Learning the lessons
Khan details in his book the impact of the global pandemic, especially for people in London. He looks at what lessons could be learned from a global mobilisation to a problem and how to lead people during this time. He makes the point that when faced with a global emergency, working out the priority is key:
“Rightly, the focus becomes saving lives first, and saving the economy second.”

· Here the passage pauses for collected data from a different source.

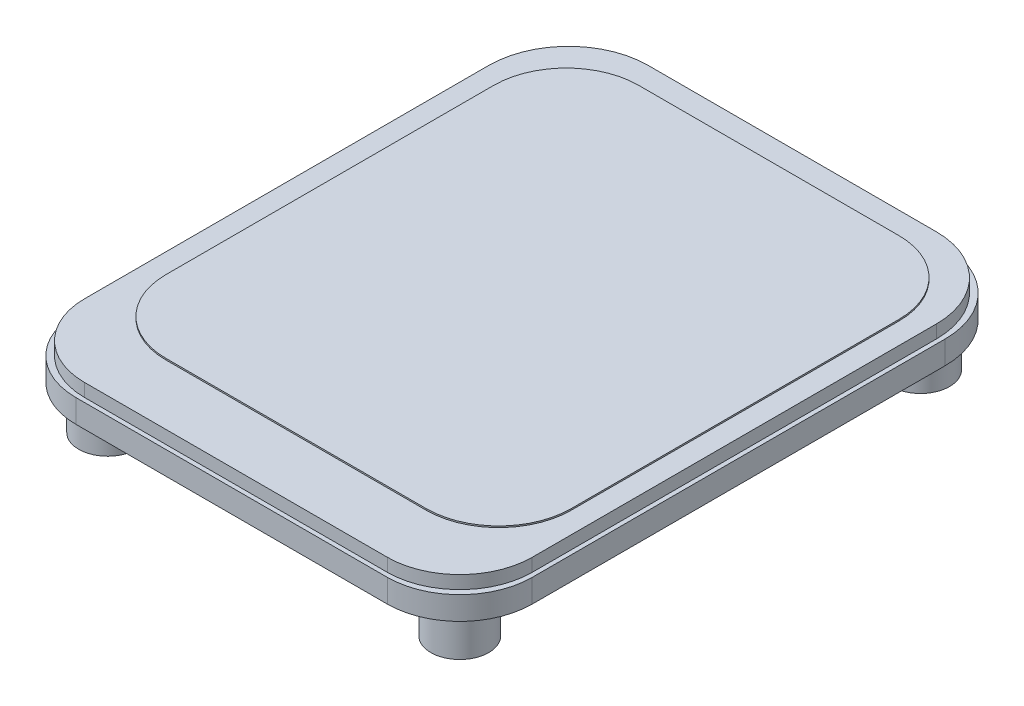
ISO-10303-21;
HEADER;
FILE_DESCRIPTION(('STEP AP214'),'2;1');
FILE_NAME('part.step','',(''),(''),'','','');
FILE_SCHEMA(('AUTOMOTIVE_DESIGN { 1 0 10303 214 1 1 1 1 }'));
ENDSEC;
DATA;
#1=APPLICATION_CONTEXT('core data for automotive mechanical design processes');
#2=APPLICATION_PROTOCOL_DEFINITION('international standard','automotive_design',2000,#1);
#3=PRODUCT_CONTEXT('',#1,'mechanical');
#4=PRODUCT('Part','Part','',(#3));
#5=PRODUCT_RELATED_PRODUCT_CATEGORY('part','',(#4));
#6=PRODUCT_DEFINITION_FORMATION('','',#4);
#7=PRODUCT_DEFINITION_CONTEXT('part definition',#1,'design');
#8=PRODUCT_DEFINITION('design','',#6,#7);
#9=PRODUCT_DEFINITION_SHAPE('','',#8);
#10=(LENGTH_UNIT() NAMED_UNIT(*) SI_UNIT(.MILLI.,.METRE.));
#11=(NAMED_UNIT(*) PLANE_ANGLE_UNIT() SI_UNIT($,.RADIAN.));
#12=(NAMED_UNIT(*) SI_UNIT($,.STERADIAN.) SOLID_ANGLE_UNIT());
#13=UNCERTAINTY_MEASURE_WITH_UNIT(LENGTH_MEASURE(1.E-05),#10,'distance_accuracy_value','');
#14=(GEOMETRIC_REPRESENTATION_CONTEXT(3) GLOBAL_UNCERTAINTY_ASSIGNED_CONTEXT((#13)) GLOBAL_UNIT_ASSIGNED_CONTEXT((#10,
#11,#12)) REPRESENTATION_CONTEXT('',''));
#15=CARTESIAN_POINT('',(0.,0.,0.));
#16=DIRECTION('',(0.,0.,1.));
#17=DIRECTION('',(1.,0.,0.));
#18=AXIS2_PLACEMENT_3D('',#15,#16,#17);
#19=CARTESIAN_POINT('',(10.25,1.6,-14.));
#20=DIRECTION('',(0.,-1.,0.));
#21=DIRECTION('',(0.,0.,-1.));
#22=AXIS2_PLACEMENT_3D('',#19,#20,#21);
#23=PLANE('',#22);
#24=CARTESIAN_POINT('',(10.25,1.6,-14.));
#25=DIRECTION('',(0.,1.,0.));
#26=DIRECTION('',(0.,0.,-1.));
#27=AXIS2_PLACEMENT_3D('',#24,#25,#26);
#28=CIRCLE('',#27,5.5);
#29=CARTESIAN_POINT('',(15.75,1.6,-14.));
#30=VERTEX_POINT('',#29);
#31=CARTESIAN_POINT('',(10.25,1.6,-19.5));
#32=VERTEX_POINT('',#31);
#33=EDGE_CURVE('E288',#30,#32,#28,.T.);
#34=ORIENTED_EDGE('',*,*,#33,.T.);
#35=DIRECTION('',(-1.,0.,0.));
#36=VECTOR('',#35,1.);
#37=CARTESIAN_POINT('',(-10.25,1.6,-19.5));
#38=LINE('',#37,#36);
#39=CARTESIAN_POINT('',(-10.25,1.6,-19.5));
#40=VERTEX_POINT('',#39);
#41=EDGE_CURVE('E291',#32,#40,#38,.T.);
#42=ORIENTED_EDGE('',*,*,#41,.T.);
#43=CARTESIAN_POINT('',(-10.25,1.6,-14.));
#44=DIRECTION('',(0.,1.,0.));
#45=DIRECTION('',(0.,0.,1.));
#46=AXIS2_PLACEMENT_3D('',#43,#44,#45);
#47=CIRCLE('',#46,5.5);
#48=CARTESIAN_POINT('',(-15.75,1.6,-14.));
#49=VERTEX_POINT('',#48);
#50=EDGE_CURVE('E294',#40,#49,#47,.T.);
#51=ORIENTED_EDGE('',*,*,#50,.T.);
#52=DIRECTION('',(0.,0.,1.));
#53=VECTOR('',#52,1.);
#54=CARTESIAN_POINT('',(-15.75,1.6,-14.));
#55=LINE('',#54,#53);
#56=CARTESIAN_POINT('',(-15.75,1.6,14.5));
#57=VERTEX_POINT('',#56);
#58=EDGE_CURVE('E296',#49,#57,#55,.T.);
#59=ORIENTED_EDGE('',*,*,#58,.T.);
#60=CARTESIAN_POINT('',(-10.75,1.6,14.5));
#61=DIRECTION('',(0.,1.,0.));
#62=DIRECTION('',(0.,0.,1.));
#63=AXIS2_PLACEMENT_3D('',#60,#61,#62);
#64=CIRCLE('',#63,5.);
#65=CARTESIAN_POINT('',(-10.75,1.6,19.5));
#66=VERTEX_POINT('',#65);
#67=EDGE_CURVE('E298',#57,#66,#64,.T.);
#68=ORIENTED_EDGE('',*,*,#67,.T.);
#69=DIRECTION('',(1.,0.,0.));
#70=VECTOR('',#69,1.);
#71=CARTESIAN_POINT('',(-10.75,1.6,19.5));
#72=LINE('',#71,#70);
#73=CARTESIAN_POINT('',(10.75,1.6,19.5));
#74=VERTEX_POINT('',#73);
#75=EDGE_CURVE('E300',#66,#74,#72,.T.);
#76=ORIENTED_EDGE('',*,*,#75,.T.);
#77=CARTESIAN_POINT('',(10.75,1.6,14.5));
#78=DIRECTION('',(0.,1.,0.));
#79=DIRECTION('',(0.,0.,1.));
#80=AXIS2_PLACEMENT_3D('',#77,#78,#79);
#81=CIRCLE('',#80,5.);
#82=CARTESIAN_POINT('',(15.75,1.6,14.5));
#83=VERTEX_POINT('',#82);
#84=EDGE_CURVE('E302',#74,#83,#81,.T.);
#85=ORIENTED_EDGE('',*,*,#84,.T.);
#86=DIRECTION('',(0.,0.,-1.));
#87=VECTOR('',#86,1.);
#88=CARTESIAN_POINT('',(15.75,1.6,-14.));
#89=LINE('',#88,#87);
#90=EDGE_CURVE('E304',#83,#30,#89,.T.);
#91=ORIENTED_EDGE('',*,*,#90,.T.);
#92=EDGE_LOOP('',(#34,#42,#51,#59,#68,#76,#85,#91));
#93=FACE_BOUND('',#92,.T.);
#94=CARTESIAN_POINT('',(10.45,1.6,14.2));
#95=DIRECTION('',(0.,1.,0.));
#96=DIRECTION('',(0.,0.,1.));
#97=AXIS2_PLACEMENT_3D('',#94,#95,#96);
#98=CIRCLE('',#97,5.);
#99=CARTESIAN_POINT('',(10.45,1.6,19.2));
#100=VERTEX_POINT('',#99);
#101=CARTESIAN_POINT('',(15.45,1.6,14.2));
#102=VERTEX_POINT('',#101);
#103=EDGE_CURVE('E219',#100,#102,#98,.T.);
#104=ORIENTED_EDGE('',*,*,#103,.F.);
#105=DIRECTION('',(1.,0.,0.));
#106=VECTOR('',#105,1.);
#107=CARTESIAN_POINT('',(-10.45,1.6,19.2));
#108=LINE('',#107,#106);
#109=CARTESIAN_POINT('',(-10.45,1.6,19.2));
#110=VERTEX_POINT('',#109);
#111=EDGE_CURVE('E216',#110,#100,#108,.T.);
#112=ORIENTED_EDGE('',*,*,#111,.F.);
#113=CARTESIAN_POINT('',(-10.45,1.6,14.2));
#114=DIRECTION('',(0.,1.,0.));
#115=DIRECTION('',(0.,0.,1.));
#116=AXIS2_PLACEMENT_3D('',#113,#114,#115);
#117=CIRCLE('',#116,5.);
#118=CARTESIAN_POINT('',(-15.45,1.6,14.2));
#119=VERTEX_POINT('',#118);
#120=EDGE_CURVE('E559',#119,#110,#117,.T.);
#121=ORIENTED_EDGE('',*,*,#120,.F.);
#122=DIRECTION('',(0.,0.,1.));
#123=VECTOR('',#122,1.);
#124=CARTESIAN_POINT('',(-15.45,1.6,-13.7));
#125=LINE('',#124,#123);
#126=CARTESIAN_POINT('',(-15.45,1.6,-13.7));
#127=VERTEX_POINT('',#126);
#128=EDGE_CURVE('E556',#127,#119,#125,.T.);
#129=ORIENTED_EDGE('',*,*,#128,.F.);
#130=CARTESIAN_POINT('',(-9.95,1.6,-13.7));
#131=DIRECTION('',(0.,1.,0.));
#132=DIRECTION('',(0.,0.,1.));
#133=AXIS2_PLACEMENT_3D('',#130,#131,#132);
#134=CIRCLE('',#133,5.5);
#135=CARTESIAN_POINT('',(-9.95,1.6,-19.2));
#136=VERTEX_POINT('',#135);
#137=EDGE_CURVE('E553',#136,#127,#134,.T.);
#138=ORIENTED_EDGE('',*,*,#137,.F.);
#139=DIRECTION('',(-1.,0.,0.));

This does not sound like the worst motto for action to mitigate the climate emergency. Khan notes the actions that have been put in place in London to reduce air pollution, such as ULEZ, building the infrastructure for 15-minute cities and focusing on sustainable transport. He always assesses the impact of his climate policies and records that “the proportion of bicycle and walking journeys had increased from 29% pre-pandemic to an estimated 46% post lockdown”.
Changing the language?
Khan acknowledges that a change of language could be a useful approach, noting that “the solutions to air pollution and climate change are often the same”.The impression that this creates is that he does not appear to be too invested in what we call the problem, as long as we enact solutions to the issue. This echoes the words of actor and ex-Governor of California Arnold Schwarzenegger who, in a recent interview, said:
“So my thing is, let’s go and rephrase this and communicate differently about it and really tell people we’re talking about pollution. Pollution creates climate change and pollution kills.”
Khan rightly concludes that “there is so much more that we have to do”.It’s beyond time to question why what has been successful in London cannot be rolled out across other major cities, so that we can be the generation who ensures that no more children die from air pollution in our country because we have been too apathetic to solve the problem.